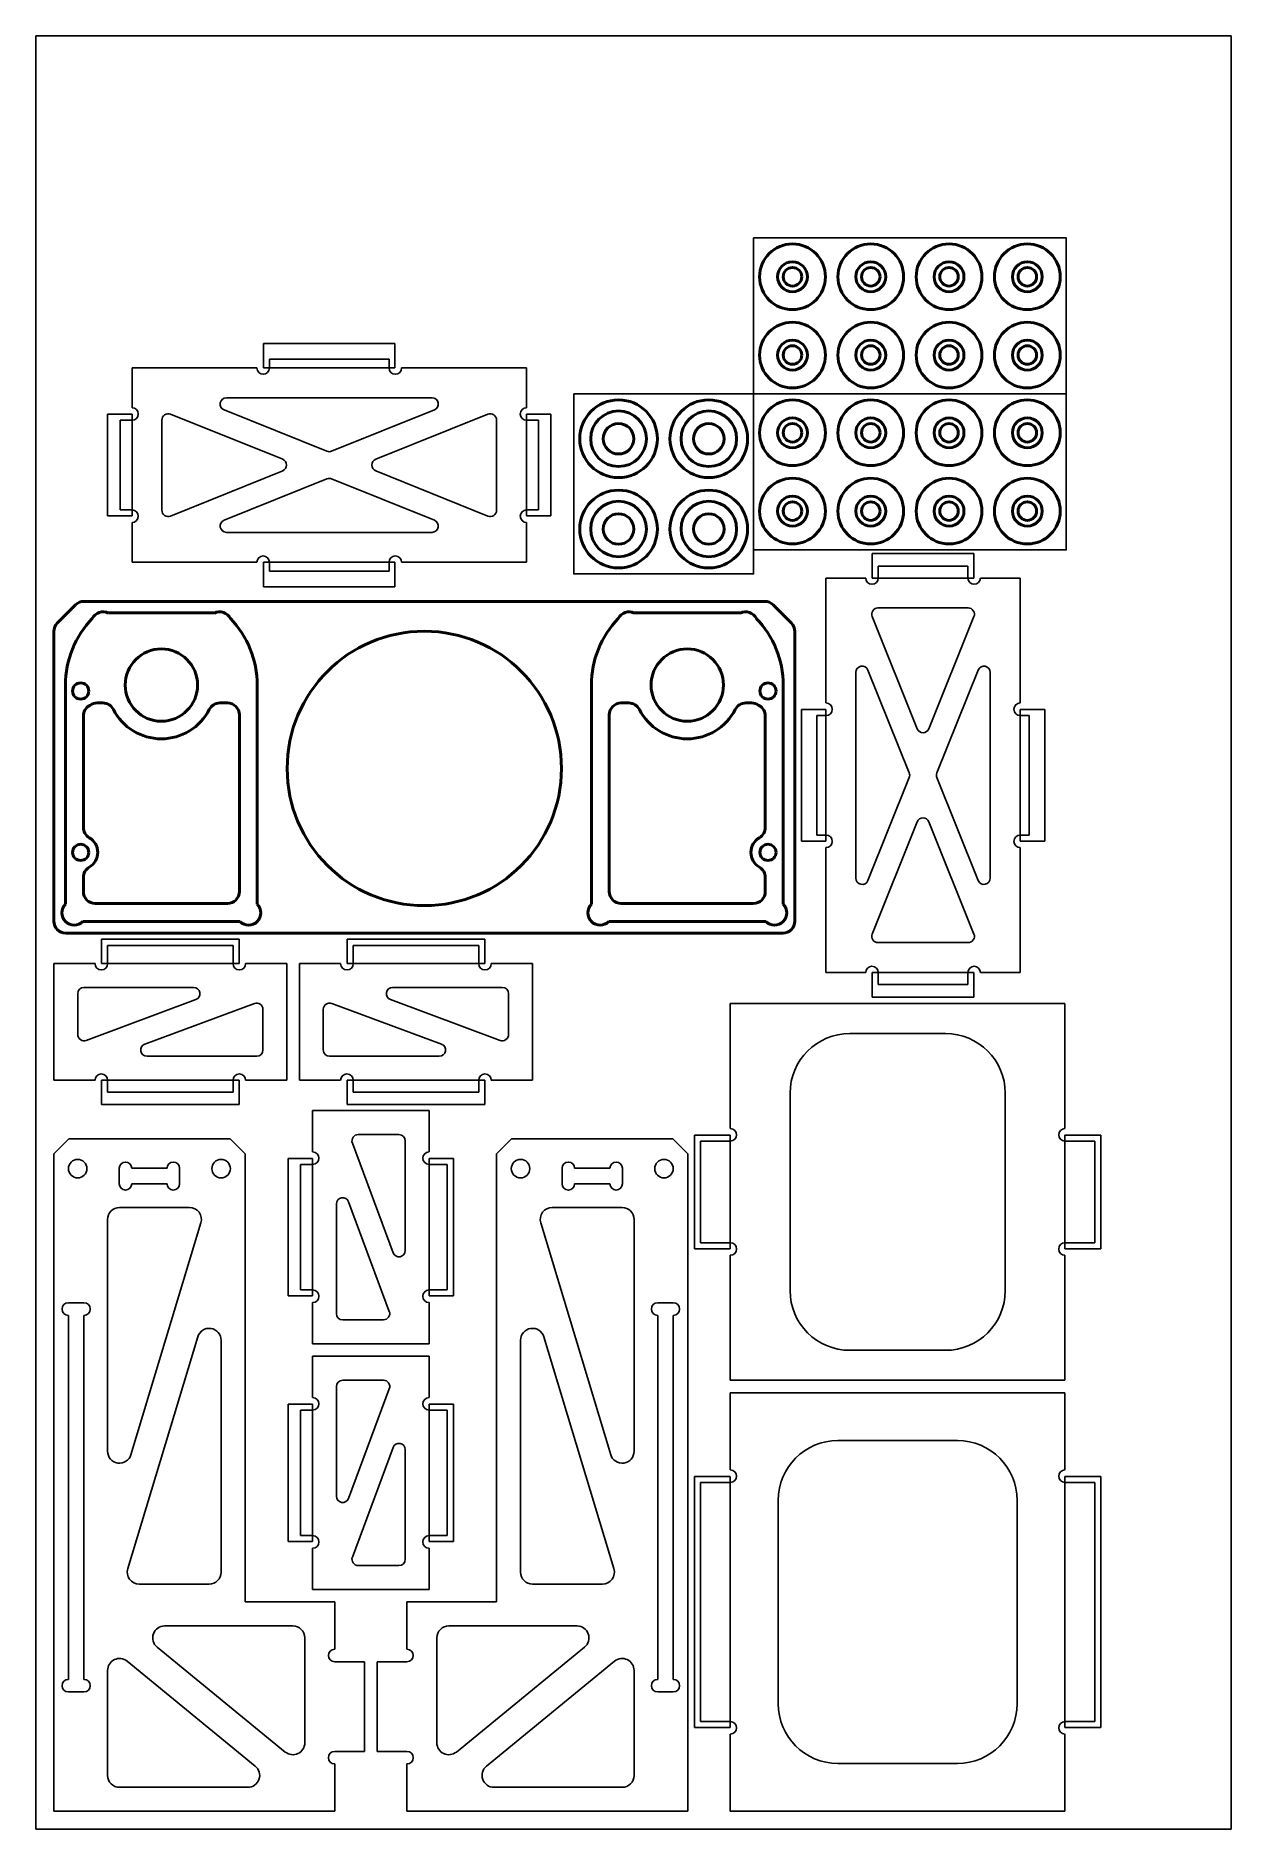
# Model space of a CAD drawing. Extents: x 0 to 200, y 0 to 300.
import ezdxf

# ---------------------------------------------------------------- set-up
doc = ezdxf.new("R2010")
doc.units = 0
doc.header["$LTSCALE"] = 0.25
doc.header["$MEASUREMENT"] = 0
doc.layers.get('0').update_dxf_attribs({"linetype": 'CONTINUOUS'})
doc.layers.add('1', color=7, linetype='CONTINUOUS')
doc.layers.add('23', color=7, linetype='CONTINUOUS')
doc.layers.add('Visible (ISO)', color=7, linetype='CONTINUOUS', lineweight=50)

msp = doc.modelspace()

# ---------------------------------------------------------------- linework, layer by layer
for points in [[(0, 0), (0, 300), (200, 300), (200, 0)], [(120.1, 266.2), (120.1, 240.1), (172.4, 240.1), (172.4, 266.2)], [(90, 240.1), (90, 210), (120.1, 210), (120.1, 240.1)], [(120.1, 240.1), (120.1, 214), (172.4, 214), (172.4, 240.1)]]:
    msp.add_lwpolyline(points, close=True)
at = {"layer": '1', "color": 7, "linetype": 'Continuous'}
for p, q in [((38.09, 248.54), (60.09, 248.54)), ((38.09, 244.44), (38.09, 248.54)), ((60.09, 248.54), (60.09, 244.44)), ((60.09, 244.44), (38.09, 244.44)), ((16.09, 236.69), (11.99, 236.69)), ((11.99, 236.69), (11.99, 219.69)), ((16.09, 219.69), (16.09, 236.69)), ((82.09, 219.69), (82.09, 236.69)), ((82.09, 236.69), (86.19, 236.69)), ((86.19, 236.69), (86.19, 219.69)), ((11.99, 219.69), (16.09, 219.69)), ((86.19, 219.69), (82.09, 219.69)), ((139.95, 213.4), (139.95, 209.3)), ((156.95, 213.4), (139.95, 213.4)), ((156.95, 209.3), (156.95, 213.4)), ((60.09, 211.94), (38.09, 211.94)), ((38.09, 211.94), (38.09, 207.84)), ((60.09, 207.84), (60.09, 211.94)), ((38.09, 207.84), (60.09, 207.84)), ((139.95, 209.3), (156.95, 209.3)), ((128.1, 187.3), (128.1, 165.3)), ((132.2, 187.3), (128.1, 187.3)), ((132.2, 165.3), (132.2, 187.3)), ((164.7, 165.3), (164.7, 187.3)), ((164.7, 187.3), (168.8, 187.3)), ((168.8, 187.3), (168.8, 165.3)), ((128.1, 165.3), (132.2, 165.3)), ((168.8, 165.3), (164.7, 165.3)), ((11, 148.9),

★ ★ ★ ★ ★ ★ ★

## Problem to solve
Answer with one number only: how many lines above contain the word "linetype".

## Problem solution
5